-- Your instructions --
Please set down each entry exactly, omitting any picture it holds.
Information shown Start Marker
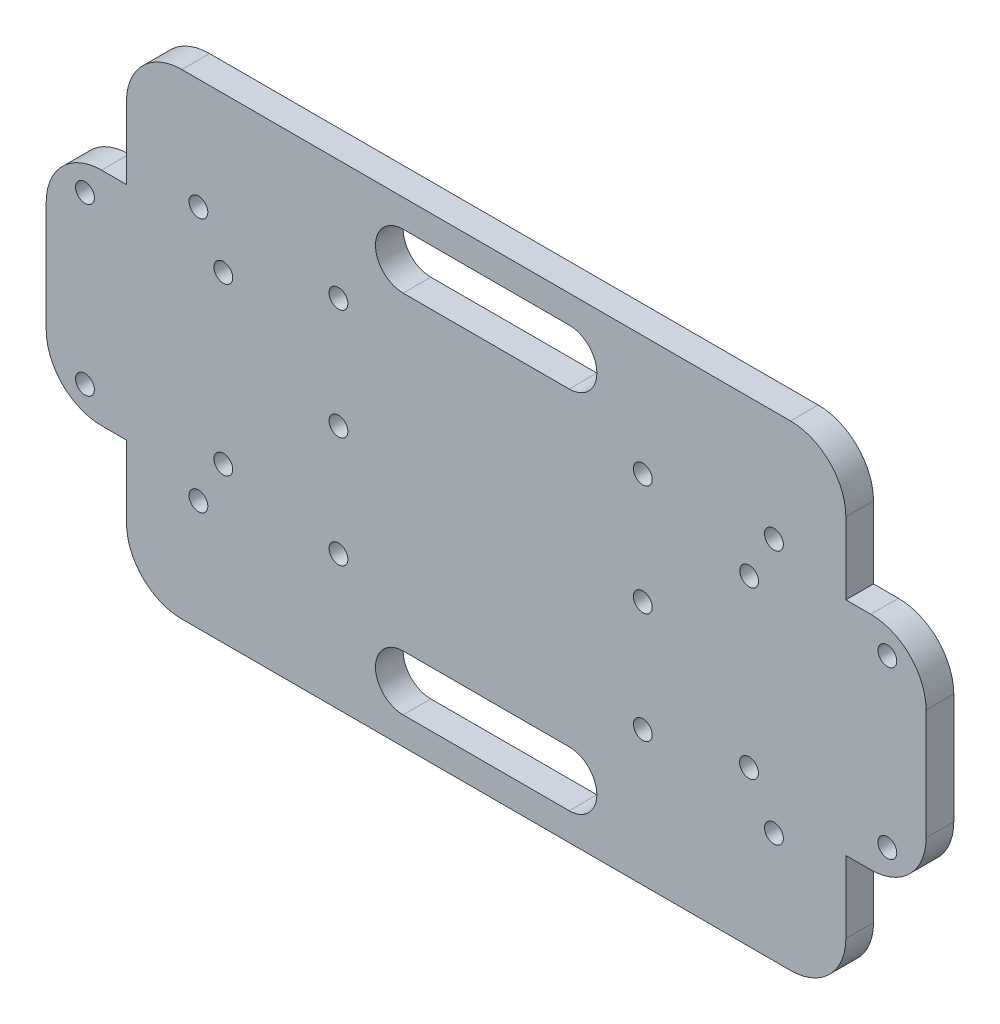
from build123d import *

# Parameters (mm, degrees)
BOSS_EXTRUDE2_DEPTH = 5
SKETCH3_R           = 1.7
CUT_EXTRUDE1_DEPTH  = 5


with BuildPart() as part:
    # Sketch1 → Boss-Extrude2 (new body)
    with BuildSketch(Plane.XY):
        with BuildLine():
            Line((-65, -20), (-65, -33))
            ThreePointArc((-65, -33), (-62.071067812, -40.071067812), (-55, -43))
            Line((-55, -43), (55, -43))
            ThreePointArc((55, -43), (62.071067812, -40.071067812), (65, -33))
            Line((65, -33), (65, -20))
            Line((65, -20), (69.5, -20))
            ThreePointArc((69.5, -20), (76.571067812, -17.071067812), (79.5, -10))
            Line((79.5, -10), (79.5, 10))
            ThreePointArc((79.5, 10), (76.571067812, 17.071067812), (69.5, 20))
            Line((69.5, 20), (65, 20))
            Line((65, 20), (65, 33))
            ThreePointArc((65, 33), (62.071067812, 40.071067812), (55, 43))
            Line((55, 43), (-55, 43))
            ThreePointArc((-55, 43), (-62.071067812, 40.071067812), (-65, 33))
            Line((-65, 33), (-65, 20))
            Line((-65, 20), (-69.5, 20))
            ThreePointArc((-69.5, 20), (-76.571067812, 17.071067812), (-79.5, 10))
            Line((-79.5, 10), (-79.5, -10))
            ThreePointArc((-79.5, -10), (-76.571067812, -17.071067812), (-69.5, -20))
            Line((-69.5, -20), (-65, -20))
        make_face()
    extrude(amount=BOSS_EXTRUDE2_DEPTH)

    # Sketch3 → Cut-Extrude1 (cut)
    with BuildSketch(Plane.XY.offset(5)):
        with Locations((-47.5, -15)):
            Circle(SKETCH3_R)
        with Locations((-47.5, 15)):
            Circle(SKETCH3_R)
        with Locations((72.5, 15)):
            Circle(SKETCH3_R)
        with Locations((47.52365162, 15)):
            Circle(SKETCH3_R)
        with Locations((72.5, -15)):
            Circle(SKETCH3_R)
        with Locations((47.5, -15)):
            Circle(SKETCH3_R)
        with BuildLine():
            Line((15, 38), (-15, 38))
            ThreePointArc((-15, 38), (-20, 33), (-15, 28))
            Line((-15, 28), (15, 28))
            ThreePointArc((15, 28), (20, 33), (15, 38))
        make_face()
        with BuildLine():
            Line((15, -28), (-15, -28))
            ThreePointArc((-15, -28), (-20, -33), (-15, -38))
            Line((-15, -38), (15, -38))
            ThreePointArc((15, -38), (20, -33), (15, -28))
        make_face()
        with Locations((-72.5, -15)):
            Circle(SKETCH3_R)
        with Locations((-72.5, 15)):
            Circle(SKETCH3_R)
        with Locations((-26.692902898, 21.354322319)):
            Circle(SKETCH3_R)
        with Locations((-26.692902898, 1.354322319)):
            Circle(SKETCH3_R)
        with Locations((-26.692902898, -18.645677681)):
            Circle(SKETCH3_R)
        with Locations((28.307097102, -18.645677681)):
            Circle(SKETCH3_R)
        with Locations((28.307097102, 1.354322319)):
            Circle(SKETCH3_R)
        with Locations((28.307097102, 21.354322319)):
            Circle(SKETCH3_R)
        with Locations((-52, 23)):
            Circle(SKETCH3_R)
        with Locations((-52, -23)):
            Circle(SKETCH3_R)
        with Locations((52, -23)):
            Circle(SKETCH3_R)
        with Locations((52, 23)):
            Circle(SKETCH3_R)
    extrude(amount=-CUT_EXTRUDE1_DEPTH, mode=Mode.SUBTRACT)


solid = part.part
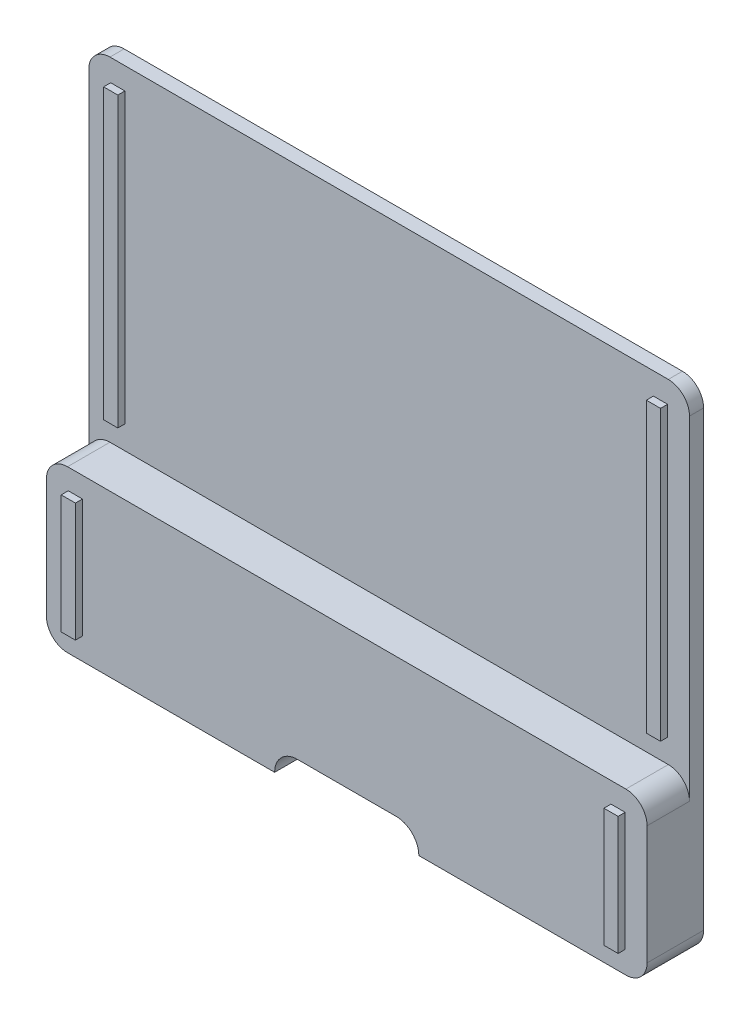
from build123d import *

# Parameters (mm, degrees)
BOSS_EXTRUDE1_DEPTH = 8
CUT_EXTRUDE1_DEPTH  = 6
SKETCH3_W           = 2.01
SKETCH3_H           = 16.8
BOSS_EXTRUDE2_DEPTH = 1
SKETCH4_W           = 2.01
SKETCH4_H           = 40.8
BOSS_EXTRUDE3_DEPTH = 1


with BuildPart() as part:
    # Sketch1 → Boss-Extrude1 (new body)
    with BuildSketch(Plane.XY):
        with BuildLine():
            Line((3, 70), (82, 70))
            ThreePointArc((82, 70), (84.121320344, 69.121320344), (85, 67))
            Line((85, 67), (85, 3))
            ThreePointArc((85, 3), (84.121320344, 0.878679656), (82, 0))
            Line((82, 0), (52.7, 0))
            ThreePointArc((52.7, 0), (51.7627417, 2.2627417), (49.5, 3.2))
            Line((49.5, 3.2), (35.5, 3.2))
            ThreePointArc((35.5, 3.2), (33.2372583, 2.2627417), (32.3, 0))
            Line((32.3, 0), (3, 0))
            ThreePointArc((3, 0), (0.878679656, 0.878679656), (0, 3))
            Line((0, 3), (0, 67))
            ThreePointArc((0, 67), (0.878679656, 69.121320344), (3, 70))
        make_face()
    extrude(amount=BOSS_EXTRUDE1_DEPTH)

    # Sketch2 → Cut-Extrude1 (cut)
    with BuildSketch(Plane.XY.offset(8)):
        with BuildLine():
            Line((3, 70), (82, 70))
            ThreePointArc((82, 70), (84.121320344, 69.121320344), (85, 67))
            Line((85, 67), (85, 19.8))
            ThreePointArc((85, 19.8), (84.121320344, 21.921320344), (82, 22.8))
            Line((82, 22.8), (3, 22.8))
            ThreePointArc((3, 22.8), (0.878679656, 21.921320344), (0, 19.8))
            Line((0, 19.8), (0, 67))
            ThreePointArc((0, 67), (0.878679656, 69.121320344), (3, 70))
        make_face()
    extrude(amount=-CUT_EXTRUDE1_DEPTH, mode=Mode.SUBTRACT)

    # Sketch3 → Boss-Extrude2 (add)
    with BuildSketch(Plane.XY.offset(8)):
        with Locations((4.105, 11.5)):
            Rectangle(SKETCH3_W, SKETCH3_H)
        with Locations((80.895, 11.5)):
            Rectangle(SKETCH3_W, SKETCH3_H)
    extrude(amount=BOSS_EXTRUDE2_DEPTH)

    # Sketch4 → Boss-Extrude3 (add)
    with BuildSketch(Plane.XY.offset(2)):
        with Locations((4.105, 46.5)):
            Rectangle(SKETCH4_W, SKETCH4_H)
        with Locations((80.895, 46.5)):
            Rectangle(SKETCH4_W, SKETCH4_H)
    extrude(amount=BOSS_EXTRUDE3_DEPTH)


solid = part.part
Information shown End Marker
-- Exercise answer --
from build123d import *

# Parameters (mm, degrees)
BOSS_EXTRUDE2_DEPTH = 5
SKETCH3_R           = 1.7
CUT_EXTRUDE1_DEPTH  = 5


with BuildPart() as part:
    # Sketch1 → Boss-Extrude2 (new body)
    with BuildSketch(Plane.XY):
        with BuildLine():
            Line((-65, -20), (-65, -33))
            ThreePointArc((-65, -33), (-62.071067812, -40.071067812), (-55, -43))
            Line((-55, -43), (55, -43))
            ThreePointArc((55, -43), (62.071067812, -40.071067812), (65, -33))
            Line((65, -33), (65, -20))
            Line((65, -20), (69.5, -20))
            ThreePointArc((69.5, -20), (76.571067812, -17.071067812), (79.5, -10))
            Line((79.5, -10), (79.5, 10))
            ThreePointArc((79.5, 10), (76.571067812, 17.071067812), (69.5, 20))
            Line((69.5, 20), (65, 20))
            Line((65, 20), (65, 33))
            ThreePointArc((65, 33), (62.071067812, 40.071067812), (55, 43))
            Line((55, 43), (-55, 43))
            ThreePointArc((-55, 43), (-62.071067812, 40.071067812), (-65, 33))
            Line((-65, 33), (-65, 20))
            Line((-65, 20), (-69.5, 20))
            ThreePointArc((-69.5, 20), (-76.571067812, 17.071067812), (-79.5, 10))
            Line((-79.5, 10), (-79.5, -10))
            ThreePointArc((-79.5, -10), (-76.571067812, -17.071067812), (-69.5, -20))
            Line((-69.5, -20), (-65, -20))
        make_face()
    extrude(amount=BOSS_EXTRUDE2_DEPTH)

    # Sketch3 → Cut-Extrude1 (cut)
    with BuildSketch(Plane.XY.offset(5)):
        with Locations((-47.5, -15)):
            Circle(SKETCH3_R)
        with Locations((-47.5, 15)):
            Circle(SKETCH3_R)
        with Locations((72.5, 15)):
            Circle(SKETCH3_R)
        with Locations((47.52365162, 15)):
            Circle(SKETCH3_R)
        with Locations((72.5, -15)):
            Circle(SKETCH3_R)
        with Locations((47.5, -15)):
            Circle(SKETCH3_R)
        with BuildLine():
            Line((15, 38), (-15, 38))
            ThreePointArc((-15, 38), (-20, 33), (-15, 28))
            Line((-15, 28), (15, 28))
            ThreePointArc((15, 28), (20, 33), (15, 38))
        make_face()
        with BuildLine():
            Line((15, -28), (-15, -28))
            ThreePointArc((-15, -28), (-20, -33), (-15, -38))
            Line((-15, -38), (15, -38))
            ThreePointArc((15, -38), (20, -33), (15, -28))
        make_face()
        with Locations((-72.5, -15)):
            Circle(SKETCH3_R)
        with Locations((-72.5, 15)):
            Circle(SKETCH3_R)
        with Locations((-26.692902898, 21.354322319)):
            Circle(SKETCH3_R)
        with Locations((-26.692902898, 1.354322319)):
            Circle(SKETCH3_R)
        with Locations((-26.692902898, -18.645677681)):
            Circle(SKETCH3_R)
        with Locations((28.307097102, -18.645677681)):
            Circle(SKETCH3_R)
        with Locations((28.307097102, 1.354322319)):
            Circle(SKETCH3_R)
        with Locations((28.307097102, 21.354322319)):
            Circle(SKETCH3_R)
        with Locations((-52, 23)):
            Circle(SKETCH3_R)
        with Locations((-52, -23)):
            Circle(SKETCH3_R)
        with Locations((52, -23)):
            Circle(SKETCH3_R)
        with Locations((52, 23)):
            Circle(SKETCH3_R)
    extrude(amount=-CUT_EXTRUDE1_DEPTH, mode=Mode.SUBTRACT)


solid = part.part
from build123d import *

# Parameters (mm, degrees)
BOSS_EXTRUDE1_DEPTH = 8
CUT_EXTRUDE1_DEPTH  = 6
SKETCH3_W           = 2.01
SKETCH3_H           = 16.8
BOSS_EXTRUDE2_DEPTH = 1
SKETCH4_W           = 2.01
SKETCH4_H           = 40.8
BOSS_EXTRUDE3_DEPTH = 1


with BuildPart() as part:
    # Sketch1 → Boss-Extrude1 (new body)
    with BuildSketch(Plane.XY):
        with BuildLine():
            Line((3, 70), (82, 70))
            ThreePointArc((82, 70), (84.121320344, 69.121320344), (85, 67))
            Line((85, 67), (85, 3))
            ThreePointArc((85, 3), (84.121320344, 0.878679656), (82, 0))
            Line((82, 0), (52.7, 0))
            ThreePointArc((52.7, 0), (51.7627417, 2.2627417), (49.5, 3.2))
            Line((49.5, 3.2), (35.5, 3.2))
            ThreePointArc((35.5, 3.2), (33.2372583, 2.2627417), (32.3, 0))
            Line((32.3, 0), (3, 0))
            ThreePointArc((3, 0), (0.878679656, 0.878679656), (0, 3))
            Line((0, 3), (0, 67))
            ThreePointArc((0, 67), (0.878679656, 69.121320344), (3, 70))
        make_face()
    extrude(amount=BOSS_EXTRUDE1_DEPTH)

    # Sketch2 → Cut-Extrude1 (cut)
    with BuildSketch(Plane.XY.offset(8)):
        with BuildLine():
            Line((3, 70), (82, 70))
            ThreePointArc((82, 70), (84.121320344, 69.121320344), (85, 67))
            Line((85, 67), (85, 19.8))
            ThreePointArc((85, 19.8), (84.121320344, 21.921320344), (82, 22.8))
            Line((82, 22.8), (3, 22.8))
            ThreePointArc((3, 22.8), (0.878679656, 21.921320344), (0, 19.8))
            Line((0, 19.8), (0, 67))
            ThreePointArc((0, 67), (0.878679656, 69.121320344), (3, 70))
        make_face()
    extrude(amount=-CUT_EXTRUDE1_DEPTH, mode=Mode.SUBTRACT)

    # Sketch3 → Boss-Extrude2 (add)
    with BuildSketch(Plane.XY.offset(8)):
        with Locations((4.105, 11.5)):
            Rectangle(SKETCH3_W, SKETCH3_H)
        with Locations((80.895, 11.5)):
            Rectangle(SKETCH3_W, SKETCH3_H)
    extrude(amount=BOSS_EXTRUDE2_DEPTH)

    # Sketch4 → Boss-Extrude3 (add)
    with BuildSketch(Plane.XY.offset(2)):
        with Locations((4.105, 46.5)):
            Rectangle(SKETCH4_W, SKETCH4_H)
        with Locations((80.895, 46.5)):
            Rectangle(SKETCH4_W, SKETCH4_H)
    extrude(amount=BOSS_EXTRUDE3_DEPTH)


solid = part.part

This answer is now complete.